Sirtuin-3 activation by honokiol attenuated anesthesia/surgery-induced cognitive impairment and neuronal ferroptosis via inhibiting mitochondrial GPX4 acetylation.

BACKGROUND: Perioperative neurocognitive disorder (PND), a prevalent neurological complication in elderly patients following anesthesia and surgery, has recently been linked to ferroptosis as a central pathogenic mechanism. Sirtuin-3 (SIRT3), a NAD(+)-dependent deacetylase, exhibits neuroprotective properties in neurodegenerative disorders, including PND. However, its role in neuronal ferroptosis during PND remains unclear. This study investigates the impact of SIRT3 on ferroptosis modulation in PND and its underlying mechanism. METHODS: A murine model of PND was established using tibial fracture surgery under isoflurane anesthesia to assess SIRT3 expression and cognitive function. Mice were treated with Honokiol (HKL) or erastin to evaluate hippocampal ferroptosis. RNA sequencing (RNA-seq) was performed to identify the underlying neuroprotective mechanisms.

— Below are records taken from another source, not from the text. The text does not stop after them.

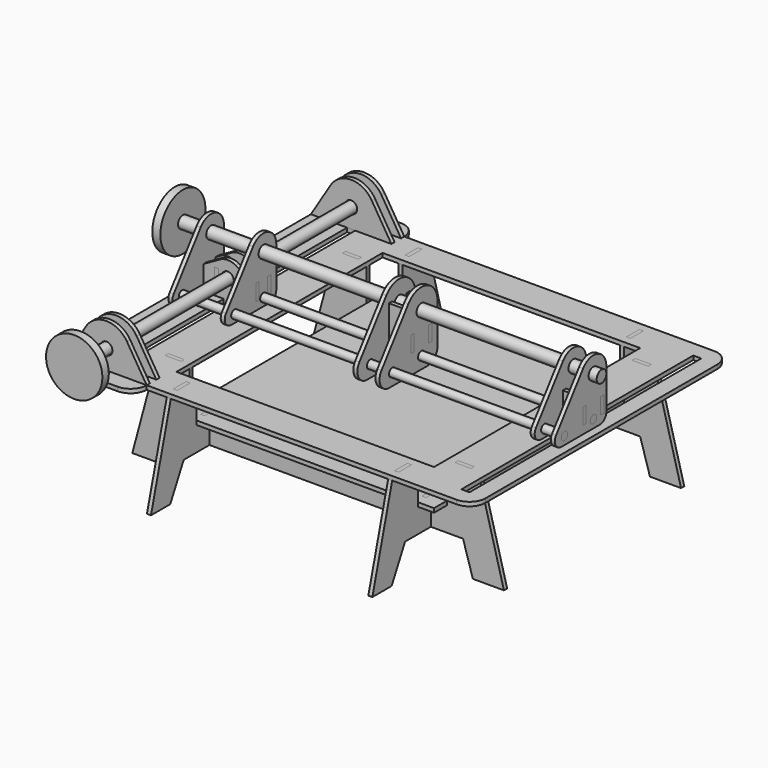
from build123d import *

# Parameters (mm, degrees)
F0_W           = 203.2
F0_H           = 203.2
F1_DEPTH       = 3.175
F3_W           = 203.2
F3_H           = 203.2
F4_DEPTH       = 3.175
F6_DEPTH       = 3.175
F10_DEPTH      = 3.175
F14_DEPTH      = 3.175
F7_W           = 6.35
F7_H           = 228.6
F16_DEPTH      = 8.128
F18_R          = 4.7625
F19_DEPTH      = 3.175
F25_R          = 3.175
F25_R_2        = 4.7625
F26_DEPTH      = 3.175
F30_R          = 4.7625
F31_DEPTH      = 3.175
F34_R          = 3.175
F34_R_2        = 4.7625
F35_DEPTH      = 3.175
F38_R          = 3.175
F39_DEPTH      = 146.05
F39_DEPTH_BACK = 158.75
F41_R          = 3.302
F41_R_2        = 4.7625
F42_DEPTH      = 3.175
F44_R          = 4.7625
F45_DEPTH      = 152.4
F45_DEPTH_BACK = 177.8
F46_R          = 4.4516956425
F47_DEPTH      = 152.4
F47_DEPTH_BACK = 133.35
F49_DEPTH      = 3.175
F51_R          = 22.225
F51_R_2        = 4.4516956425
F52_DEPTH      = 6.35
F53_R          = 22.225
F53_R_2        = 4.7625
F54_DEPTH      = 6.35
F55_W          = 3.175
F55_H          = 12.7
F56_DEPTH      = 3.175
F61_DEPTH      = 3.175
F63_W          = 3.175
F63_H          = 12.7
F63_W_2        = 12.7
F63_H_2        = 3.175
F64_DEPTH      = 25.4
F65_W          = 12.7
F65_H          = 3.175
F66_DEPTH      = 25.4
F67_W          = 3.175
F67_H          = 6.35
F68_DEPTH      = 25.4
F69_W          = 3.175
F69_H          = 12.7
F70_DEPTH      = 51.054
F71_W          = 3.175
F71_H          = 12.7
F72_DEPTH      = 25.4
F73_W          = 3.175
F73_H          = 12.7
F74_DEPTH      = 25.4
F76_DEPTH      = 25.4


with BuildPart() as f1:
    # F0 (on Top) → F1 (new body)
    with BuildSketch(Plane.XY):
        Rectangle(F0_W, F0_H)
    extrude(amount=-F1_DEPTH)

    # F75 (on face) → F76 (cut)
    with BuildSketch(Plane.XY):
        Polygon((-85.725, 88.9), (-85.725, 93.6625), (-88.9, 93.6625), (-88.9, 88.9), (-93.6625, 88.9), (-93.6625, 85.725), (-88.9, 85.725), (-88.9, 80.9625), (-85.725, 80.9625), (-85.725, 85.725), (-80.9625, 85.725), (-80.9625, 88.9), align=None)
        Polygon((88.9, 85.725), (93.6625, 85.725), (93.6625, 88.9), (88.9, 88.9), (88.9, 93.6625), (85.725, 93.6625), (85.725, 88.9), (80.9625, 88.9), (80.9625, 85.725), (85.725, 85.725), (85.725, 80.9625), (88.9, 80.9625), align=None)
        Polygon((-88.9, -88.9), (-88.9, -93.6625), (-85.725, -93.6625), (-85.725, -88.9), (-80.9625, -88.9), (-80.9625, -85.725), (-85.725, -85.725), (-85.725, -80.9625), (-88.9, -80.9625), (-88.9, -85.725), (-93.6625, -85.725), (-93.6625, -88.9), align=None)
        Polygon((85.725, -93.6625), (88.9, -93.6625), (88.9, -88.9), (93.6625, -88.9), (93.6625, -85.725), (88.9, -85.725), (88.9, -80.9625), (85.725, -80.9625), (85.725, -85.725), (80.9625, -85.725), (80.9625, -88.9), (85.725, -88.9), align=None)
    extrude(amount=-F76_DEPTH, mode=Mode.SUBTRACT)


with BuildPart() as f4:
    # F3 (on offset) → F4 (new body)
    with BuildSketch(Plane.XY.offset(25.4)):
        with BuildLine():
            Line((114.3, 127), (-114.3, 127))
            Line((-114.3, 127), (-139.7, 127))
            ThreePointArc((-139.7, 127), (-148.6802561211, 123.2802561211), (-152.4, 114.3))
            Line((-152.4, 114.3), (-152.4, 101.6))
            Line((-152.4, 101.6), (-152.4, -101.6))
            Line((-152.4, -101.6), (-152.4, -114.3))
            ThreePointArc((-152.4, -114.3), (-148.6802561211, -123.2802561211), (-139.7, -127))
            Line((-139.7, -127), (-114.3, -127))
            Line((-114.3, -127), (114.3, -127))
            Line((114.3, -127), (139.7, -127))
            ThreePointArc((139.7, -127), (148.6802561211, -123.2802561211), (152.4, -114.3))
            Line((152.4, -114.3), (152.4, -101.6))
            Line((152.4, -101.6), (152.4, 101.6))
            Line((152.4, 101.6), (152.4, 114.3))
            ThreePointArc((152.4, 114.3), (148.6802561211, 123.2802561211), (139.7, 127))
            Line((139.7, 127), (114.3, 127))
        make_face()
        Rectangle(F3_W, F3_H, mode=Mode.SUBTRACT)
    extrude(amount=F4_DEPTH)

    # F5 (on face) → F6 (join)
    with BuildSketch(Plane.XY.offset(28.575)):
        with BuildLine():
            ThreePointArc((-168.275, -127), (-164.5552561211, -135.9802561211), (-155.575, -139.7))
            Line((-155.575, -139.7), (-117.475, -139.7))
            ThreePointArc((-117.475, -139.7), (-108.4947438789, -135.9802561211), (-104.775, -127))
            Line((-104.775, -127), (-104.775, 127))
            ThreePointArc((-104.775, 127), (-108.4947438789, 135.9802561211), (-117.475, 139.7))
            Line((-117.475, 139.7), (-155.575, 139.7))
            ThreePointArc((-155.575, 139.7), (-164.5552561211, 135.9802561211), (-168.275, 127))
            Line((-168.275, 127), (-168.275, -127))
        make_face()
    extrude(amount=-F6_DEPTH)

    # F7 (on face) → F16 (cut)
    with BuildSketch(Plane.XY.offset(28.575)):
        with Locations((-136.525, 0)):
            Rectangle(F7_W, F7_H)
        with Locations((136.525, 0)):
            Rectangle(F7_W, F7_H)
    extrude(amount=-F16_DEPTH, mode=Mode.SUBTRACT)

    # F63 (on face) → F64 (cut)
    with BuildSketch(Plane.XY.offset(28.575)):
        with Locations((-87.3125, 114.3)):
            Rectangle(F63_W, F63_H)
        with Locations((-114.3, 87.3125)):
            Rectangle(F63_W_2, F63_H_2)
        with Locations((87.3125, 114.3)):
            Rectangle(F63_W, F63_H)
        with Locations((114.3, 87.3125)):
            Rectangle(F63_W_2, F63_H_2)
        with Locations((114.3, -87.3125)):
            Rectangle(F63_W_2, F63_H_2)
        with Locations((87.3125, -114.3)):
            Rectangle(F63_W, F63_H)
        with Locations((-87.3125, -114.3)):
            Rectangle(F63_W, F63_H)
        with Locations((-114.3, -87.3125)):
            Rectangle(F63_W_2, F63_H_2)
    extrude(amount=-F64_DEPTH, mode=Mode.SUBTRACT)

    # F65 (on face) → F66 (cut)
    with BuildSketch(Plane(origin=(0, 0, 25.4), x_dir=(1, 0, 0), z_dir=(0, 0, -1))):
        with Locations((-155.575, 125.4125)):
            Rectangle(F65_W, F65_H)
        with Locations((-155.575, 115.8875)):
            Rectangle(F65_W, F65_H)
        with Locations((-117.475, 125.4125)):
            Rectangle(F65_W, F65_H)
        with Locations((-117.475, 115.8875)):
            Rectangle(F65_W, F65_H)
        with Locations((-117.475, -115.8875)):
            Rectangle(F65_W, F65_H)
        with Locations((-117.475, -125.4125)):
            Rectangle(F65_W, F65_H)
        with Locations((-155.575, -125.4125)):
            Rectangle(F65_W, F65_H)
        with Locations((-155.575, -115.8875)):
            Rectangle(F65_W, F65_H)
    extrude(amount=-F66_DEPTH, mode=Mode.SUBTRACT)


with BuildPart() as f10:
    # F9 (on offset) → F10 (new body)
    with BuildSketch(Plane.YZ.offset(-88.9)):
        Polygon((80.9625, -3.175), (0, -3.175), (-80.9625, -3.175), (-80.9625, 0), (-93.6625, 0), (-93.6625, -3.175), (-101.6, -3.175), (-101.6, 0), (-101.6, 25.4), (-107.95, 25.4), (-107.95, 28.575), (-120.65, 28.575), (-120.65, 25.4), (-127, 25.4), (-146.5669897773, -47.625), (-127.5169897773, -47.625), (-114.3, -22.225), (-88.9, -22.225), (-88.9, -10.795), (-85.725, -10.795), (-85.725, -22.225), (0, -22.225), (85.725, -22.225), (85.725, -10.795), (88.9, -10.795), (88.9, -22.225), (114.3, -22.225), (127.5169897773, -47.625), (146.5669897773, -47.625), (127, 25.4), (120.65, 25.4), (120.65, 28.575), (107.95, 28.575), (107.95, 25.4), (101.6, 25.4), (101.6, 0), (101.6, -3.175), (93.6625, -3.175), (93.6625, 0), (80.9625, 0), align=None)
    extrude(amount=F10_DEPTH)


with BuildPart() as f11_1:
    # F11: instance of F10
    add(f10.part.mirror(Plane.YZ))


with BuildPart() as f14:
    # F13 (on offset) → F14 (new body)
    with BuildSketch(Plane.XZ.offset(88.9)):
        Polygon((-93.6625, -3.175), (-101.6, -3.175), (-101.6, 0), (-101.6, 25.4), (-107.95, 25.4), (-107.95, 28.575), (-120.65, 28.575), (-120.65, 25.4), (-127, 25.4), (-146.5669897773, -47.625), (-122.0367805193, -47.625), (-114.3, -22.225), (0, -22.225), (114.3, -22.225), (122.0367805193, -47.625), (146.5669897773, -47.625), (127, 25.4), (120.65, 25.4), (120.65, 28.575), (107.95, 28.575), (107.95, 25.4), (101.6, 25.4), (101.6, 0), (101.6, -3.175), (93.6625, -3.175), (93.6625, 0), (88.9, 0), (88.9, -11.43), (85.725, -11.43), (85.725, 0), (80.9625, 0), (80.9625, -3.175), (0, -3.175), (-80.9625, -3.175), (-80.9625, 0), (-85.725, 0), (-85.725, -11.43), (-88.9, -11.43), (-88.9, 0), (-93.6625, 0), align=None)
    extrude(amount=-F14_DEPTH)


with BuildPart() as f15_1:
    # F15: instance of F14
    add(f14.part.mirror(Plane.XZ))


with BuildPart() as f19:
    # F18 (on offset) → F19 (new body)
    with BuildSketch(Plane.XZ.offset(114.3)):
        with BuildLine():
            Line((-104.775, 28.575), (-120.3018889302, 53.800648062))
            ThreePointArc((-120.3018889302, 53.800648062), (-136.525, 62.865), (-152.7481110698, 53.800648062))
            Line((-152.7481110698, 53.800648062), (-168.275, 28.575))
            Line((-168.275, 28.575), (-161.925, 28.575))
            Line((-161.925, 28.575), (-161.925, 25.4))
            Line((-161.925, 25.4), (-149.225, 25.4))
            Line((-149.225, 25.4), (-149.225, 28.575))
            Line((-149.225, 28.575), (-123.825, 28.575))
            Line((-123.825, 28.575), (-123.825, 25.4))
            Line((-123.825, 25.4), (-111.125, 25.4))
            Line((-111.125, 25.4), (-111.125, 28.575))
            Line((-111.125, 28.575), (-104.775, 28.575))
        make_face()
        with Locations((-136.525, 43.815)):
            Circle(F18_R, mode=Mode.SUBTRACT)
    extrude(amount=F19_DEPTH)


with BuildPart() as f21_1:
    # F21: instance of F19
    add(f19.part.mirror(Plane.XZ.offset(120.65)))


with BuildPart() as f22_1:
    # F22: instance of F21_1
    add(f21_1.part.mirror(Plane.XZ))


with BuildPart() as f22_2:
    # F22: instance of F19
    add(f19.part.mirror(Plane.XZ))


with BuildPart() as f26:
    # F25 (on offset) → F26 (new body)
    with BuildSketch(Plane.YZ.offset(-114.3)):
        with BuildLine():
            Line((12.7, 34.925), (12.7, 66.675))
            ThreePointArc((12.7, 66.675), (4.0160926284, 78.7232778852), (-10.16, 74.295))
            Line((-10.16, 74.295), (-36.83, 38.735))
            ThreePointArc((-36.83, 38.735), (-37.4296126628, 32.0851936686), (-31.75, 28.575))
            Line((-31.75, 28.575), (6.35, 28.575))
            ThreePointArc((6.35, 28.575), (10.8401280605, 30.4348719395), (12.7, 34.925))
        make_face()
        with Locations((-28.575, 34.925)):
            Circle(F25_R, mode=Mode.SUBTRACT)
        with Locations((0, 34.925)):
            Circle(F25_R, mode=Mode.SUBTRACT)
        with Locations((0, 66.675)):
            Circle(F25_R_2, mode=Mode.SUBTRACT)
    extrude(amount=-F26_DEPTH)


with BuildPart() as f27_1:
    # F27: instance of F26
    add(f26.part.mirror(Plane.YZ.offset(-136.525)))


with BuildPart() as f31:
    # F30 (on offset) → F31 (new body)
    with BuildSketch(Plane.XZ.offset(4.1656)):
        with BuildLine():
            Line((-155.575, 34.925), (-155.575, 28.575))
            Line((-155.575, 28.575), (-139.7, 28.575))
            Line((-139.7, 28.575), (-139.7, 25.4))
            Line((-139.7, 25.4), (-133.35, 25.4))
            Line((-133.35, 25.4), (-133.35, 28.575))
            Line((-133.35, 28.575), (-117.475, 28.575))
            Line((-117.475, 28.575), (-117.475, 34.925))
            Line((-117.475, 34.925), (-114.3, 34.925))
            Line((-114.3, 34.925), (-114.3, 47.625))
            Line((-114.3, 47.625), (-117.475, 47.625))
            Line((-117.475, 47.625), (-130.2687580598, 54.8671236324))
            ThreePointArc((-130.2687580598, 54.8671236324), (-136.525, 56.515), (-142.7812419402, 54.8671236324))
            Line((-142.7812419402, 54.8671236324), (-155.575, 47.625))
            Line((-155.575, 47.625), (-158.75, 47.625))
            Line((-158.75, 47.625), (-158.75, 34.925))
            Line((-158.75, 34.925), (-155.575, 34.925))
        make_face()
        with Locations((-136.525, 43.815)):
            Circle(F30_R, mode=Mode.SUBTRACT)
    extrude(amount=F31_DEPTH)


with BuildPart() as f32_1:
    # F32: instance of F31
    add(f31.part.mirror(Plane.XZ))


with BuildPart() as f35:
    # F34 (on offset) → F35 (new body)
    with BuildSketch(Plane.YZ.offset(127)):
        with BuildLine():
            Line((12.7, 34.925), (12.7, 66.675))
            ThreePointArc((12.7, 66.675), (4.0160926284, 78.7232778852), (-10.16, 74.295))
            Line((-10.16, 74.295), (-36.83, 38.735))
            ThreePointArc((-36.83, 38.735), (-37.4296126628, 32.0851936686), (-31.75, 28.575))
            Line((-31.75, 28.575), (6.35, 28.575))
            ThreePointArc((6.35, 28.575), (10.8401280605, 30.4348719395), (12.7, 34.925))
        make_face()
        with Locations((-28.575, 34.925)):
            Circle(F34_R, mode=Mode.SUBTRACT)
        with Locations((0, 34.925)):
            Circle(F34_R, mode=Mode.SUBTRACT)
        with Locations((0, 66.675)):
            Circle(F34_R_2, mode=Mode.SUBTRACT)
    extrude(amount=F35_DEPTH)


with BuildPart() as f37_1:
    # F37: instance of F35
    add(f35.part.mirror(Plane.YZ.offset(136.525)))


with BuildPart() as f39:
    # F38 (on Right) → F39 (new body, two sides)
    with BuildSketch(Plane.YZ) as f39_sk:
        with Locations((-28.575, 34.925)):
            Circle(F38_R)
    extrude(amount=F39_DEPTH)
    extrude(f39_sk.sketch, amount=-F39_DEPTH_BACK)


with BuildPart() as f39b:
    # F38 (on Right) → F39, piece 2 (new body, two sides)
    with BuildSketch(Plane.YZ) as f39_2_sk:
        with Locations((0, 34.925)):
            Circle(F38_R)
    extrude(amount=F39_DEPTH)
    extrude(f39_2_sk.sketch, amount=-F39_DEPTH_BACK)


with BuildPart() as f42:
    # F41 (on offset) → F42 (new body)
    with BuildSketch(Plane.YZ.offset(7.14375)):
        with BuildLine():
            Line((15.875, 34.925), (15.875, 66.675))
            ThreePointArc((15.875, 66.675), (5.0201157855, 81.7353473566), (-12.7, 76.2))
            Line((-12.7, 76.2), (-39.37, 40.64))
            ThreePointArc((-39.37, 40.64), (-40.2694189943, 30.6652905029), (-31.75, 25.4))
            Line((-31.75, 25.4), (6.35, 25.4))
            ThreePointArc((6.35, 25.4), (13.0851920908, 28.1898079092), (15.875, 34.925))
        make_face()
        with Locations((-28.575, 34.925)):
            Circle(F41_R, mode=Mode.SUBTRACT)
        with Locations((0, 34.925)):
            Circle(F41_R, mode=Mode.SUBTRACT)
        with Locations((0, 66.675)):
            Circle(F41_R_2, mode=Mode.SUBTRACT)
    extrude(amount=F42_DEPTH)


with BuildPart() as f43_1:
    # F43: instance of F42
    add(f42.part.mirror(Plane.YZ))


with BuildPart() as f45:
    # F44 (on Right) → F45 (new body, two sides)
    with BuildSketch(Plane.YZ) as f45_sk:
        with Locations((0, 66.675)):
            Circle(F44_R)
    extrude(amount=F45_DEPTH)
    extrude(f45_sk.sketch, amount=-F45_DEPTH_BACK)

    # F53 (on face) → F54 (join)
    with BuildSketch(Plane(origin=(-177.8, 0, 0), x_dir=(0, -1, 0), z_dir=(-1, 0, 0))):
        with Locations((0, 66.675)):
            Circle(F53_R)
        with Locations((0, 66.675)):
            Circle(F53_R_2, mode=Mode.SUBTRACT)
        with Locations((0, 66.675)):
            Circle(F53_R_2)
    extrude(amount=F54_DEPTH)


with BuildPart() as f47:
    # F46 (on Front) → F47 (new body, two sides)
    with BuildSketch(Plane.XZ) as f47_sk:
        with Locations((-136.525, 43.815)):
            Circle(F46_R)
    extrude(amount=F47_DEPTH)
    extrude(f47_sk.sketch, amount=-F47_DEPTH_BACK)

    # F51 (on face) → F52 (join)
    with BuildSketch(Plane.XZ.offset(152.4)):
        with Locations((-136.525, 43.815)):
            Circle(F51_R)
        with Locations((-136.525, 43.815)):
            Circle(F51_R_2, mode=Mode.SUBTRACT)
        with Locations((-136.525, 43.815)):
            Circle(F51_R_2)
    extrude(amount=F52_DEPTH)


with BuildPart() as f49:
    # F48 (on offset) → F49 (new body)
    with BuildSketch(Plane.XZ.offset(7.14375)):
        Polygon((142.875, 53.975), (130.175, 53.975), (130.175, 47.625), (127, 47.625), (127, 34.925), (130.175, 34.925), (130.175, 28.575), (133.477, 28.575), (133.477, 25.4), (139.573, 25.4), (139.573, 28.575), (142.875, 28.575), (142.875, 34.925), (146.05, 34.925), (146.05, 47.625), (142.875, 47.625), align=None)
    extrude(amount=F49_DEPTH)


with BuildPart() as f50_1:
    # F50: instance of F49
    add(f49.part.mirror(Plane.XZ))


with BuildPart() as f56:
    # F55 (on offset) → F56 (new body)
    with BuildSketch(Plane.XZ.offset(7.14375)):
        Polygon((7.14375, 69.85), (-7.14375, 69.85), (-7.14375, 53.34), (-7.14375, 40.64), (-7.14375, 31.75), (7.14375, 31.75), (7.14375, 40.64), (7.14375, 53.34), align=None)
        with Locations((-8.73125, 46.99)):
            Rectangle(F55_W, F55_H)
        with Locations((8.73125, 46.99)):
            Rectangle(F55_W, F55_H)
    extrude(amount=F56_DEPTH)


with BuildPart() as f57_1:
    # F57: instance of F56
    add(f56.part.mirror(Plane.XZ))


with BuildPart() as f61:
    # F60 (on offset) → F61 (new body)
    with BuildSketch(Plane.YZ.offset(-129.38125)):
        Polygon((4.1656, 48.26), (4.1656, 51.435), (-4.1656, 51.435), (-4.1656, 48.26), (-7.3406, 48.26), (-7.3406, 41.91), (-4.1656, 41.91), (-4.1656, 38.735), (4.1656, 38.735), (4.1656, 41.91), (7.3406, 41.91), (7.3406, 48.26), align=None)
    extrude(amount=F61_DEPTH)


with BuildPart() as f62_1:
    # F62: instance of F61
    add(f61.part.mirror(Plane.YZ.offset(-136.525)))


with BuildPart() as f68_tool:
    # F67 (on face) → F68 (new body)
    with BuildSketch(Plane.XZ.offset(7.3406)):
        with Locations((-145.25625, 45.085)):
            Rectangle(F67_W, F67_H)
        with Locations((-127.79375, 45.085)):
            Rectangle(F67_W, F67_H)
    extrude(amount=-F68_DEPTH)


with BuildPart() as f31_1:
    add(f31.part)

    # F68: cut by f68_tool
    add(f68_tool.part, mode=Mode.SUBTRACT)


with BuildPart() as f32_1_1:
    add(f32_1.part)

    # F68: cut by f68_tool
    add(f68_tool.part, mode=Mode.SUBTRACT)


with BuildPart() as f70_tool:
    # F69 (on face) → F70 (new body)
    with BuildSketch(Plane(origin=(-158.75, 0, 0), x_dir=(0, -1, 0), z_dir=(-1, 0, 0))):
        with Locations((5.7531, 41.275)):
            Rectangle(F69_W, F69_H)
        with Locations((-5.7531, 41.275)):
            Rectangle(F69_W, F69_H)
    extrude(amount=-F70_DEPTH)


with BuildPart() as f26_1:
    add(f26.part)

    # F70: cut by f70_tool
    add(f70_tool.part, mode=Mode.SUBTRACT)


with BuildPart() as f27_1_1:
    add(f27_1.part)

    # F70: cut by f70_tool
    add(f70_tool.part, mode=Mode.SUBTRACT)


with BuildPart() as f72_tool:
    # F71 (on face) → F72 (new body)
    with BuildSketch(Plane(origin=(-10.31875, 0, 0), x_dir=(0, -1, 0), z_dir=(-1, 0, 0))):
        with Locations((8.73125, 46.99)):
            Rectangle(F71_W, F71_H)
        with Locations((-8.73125, 46.99)):
            Rectangle(F71_W, F71_H)
    extrude(amount=-F72_DEPTH)


with BuildPart() as f42_1:
    add(f42.part)

    # F72: cut by f72_tool
    add(f72_tool.part, mode=Mode.SUBTRACT)


with BuildPart() as f43_1_1:
    add(f43_1.part)

    # F72: cut by f72_tool
    add(f72_tool.part, mode=Mode.SUBTRACT)


with BuildPart() as f74_tool:
    # F73 (on face) → F74 (new body)
    with BuildSketch(Plane.YZ.offset(146.05)):
        with Locations((-8.73125, 41.275)):
            Rectangle(F73_W, F73_H)
        with Locations((8.73125, 41.275)):
            Rectangle(F73_W, F73_H)
    extrude(amount=-F74_DEPTH)


with BuildPart() as f35_1:
    add(f35.part)

    # F74: cut by f74_tool
    add(f74_tool.part, mode=Mode.SUBTRACT)


with BuildPart() as f37_1_1:
    add(f37_1.part)

    # F74: cut by f74_tool
    add(f74_tool.part, mode=Mode.SUBTRACT)


solid = Compound([f1.part, f4.part, f10.part, f11_1.part, f14.part, f15_1.part, f19.part, f21_1.part, f22_1.part, f22_2.part, f39.part, f39b.part, f45.part, f47.part, f49.part, f50_1.part, f56.part, f57_1.part, f61.part, f62_1.part, f31_1.part, f32_1_1.part, f26_1.part, f27_1_1.part, f42_1.part, f43_1_1.part, f35_1.part, f37_1_1.part])
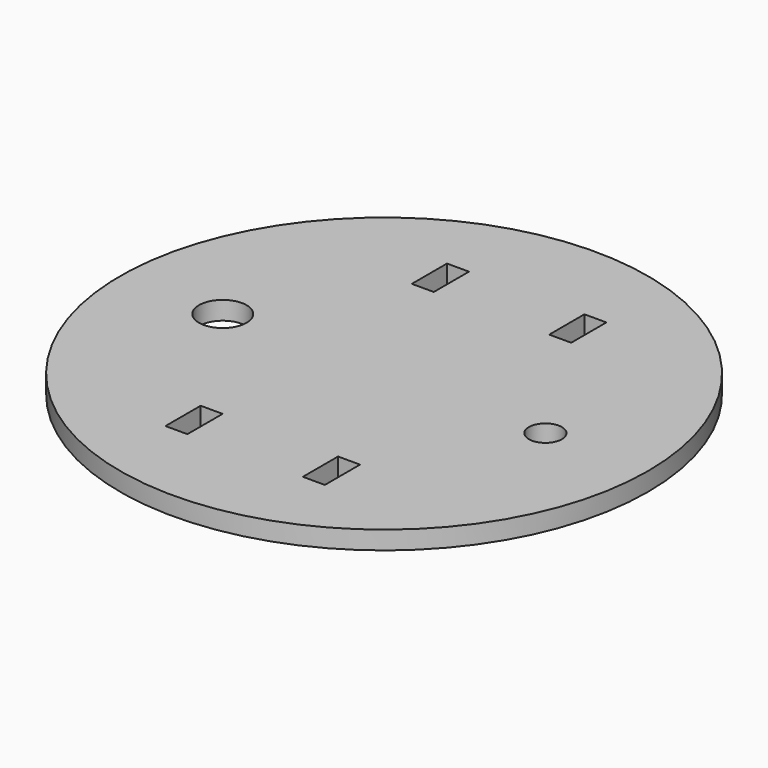
from build123d import *

# Parameters (mm, degrees)
F0_R     = 114.3
F0_W     = 9.525
F0_H     = 19.05
F0_R_2   = 10.31875
F0_R_3   = 7.14375
F1_DEPTH = 7.9375


# Not quite as in the source:
# - a length typed as a fraction of an inch, garbled in the dataset ("3 / 203.2 mm" for 3/8 in), is restored


with BuildPart() as f1:
    # F0 (on Top) → F1 (new body)
    with BuildSketch(Plane.XY):
        Circle(F0_R)
        with Locations((-28.9588448, -66.675)):
            Rectangle(F0_W, F0_H, mode=Mode.SUBTRACT)
        with Locations((30.5463448, -66.675)):
            Rectangle(F0_W, F0_H, mode=Mode.SUBTRACT)
        with Locations((-69.85, 0)):
            Circle(F0_R_2, mode=Mode.SUBTRACT)
        with Locations((-28.9588448, 66.675)):
            Rectangle(F0_W, F0_H, mode=Mode.SUBTRACT)
        with Locations((69.85, 0)):
            Circle(F0_R_3, mode=Mode.SUBTRACT)
        with Locations((30.5463448, 66.675)):
            Rectangle(F0_W, F0_H, mode=Mode.SUBTRACT)
    extrude(amount=F1_DEPTH)


solid = f1.part

In vitro, PC12 and HT22 cells were treated with erastin or HKL to analyze ferroptosis markers. GPX4 silencing in HT22 cells was used to validate the effect of HKL in modulating ferroptosis. Adeno-associated virus (AAV)-mediated overexpression of SIRT3 and Co-immunoprecipitation (Co-IP), were employed to further elucidate its mechanism in suppressing ferroptosis. RESULTS: SIRT3 expression was found to be reduced in the hippocampal CA1 and CA3 regions post-surgery. HKL alleviated cognitive decline by inhibiting ferroptosis, evidenced by suppression of iron accumulation, oxidative stress, and mitochondrial dysfunction. In erastin-treated PC12 and HT22 cells, HKL effectively counteracted ferroptosis, which was abolished by GPX4 silencing. SIRT3 overexpression in the mouse hippocampus suppressed anesthesia/surgery-induced neuronal ferroptosis. Mechanistically, HKL-activated SIRT3 upregulated mitochondrial GPX4 expression and reduced its acetylation, thereby inhibiting neuronal ferroptosis. CONCLUSIONS: SIRT3 activation by HKL alleviates hippocampal neuronal ferroptosis in PND by suppressing mitochondrial GPX4 acetylation, providing a novel therapeutic strategy for the management of PND.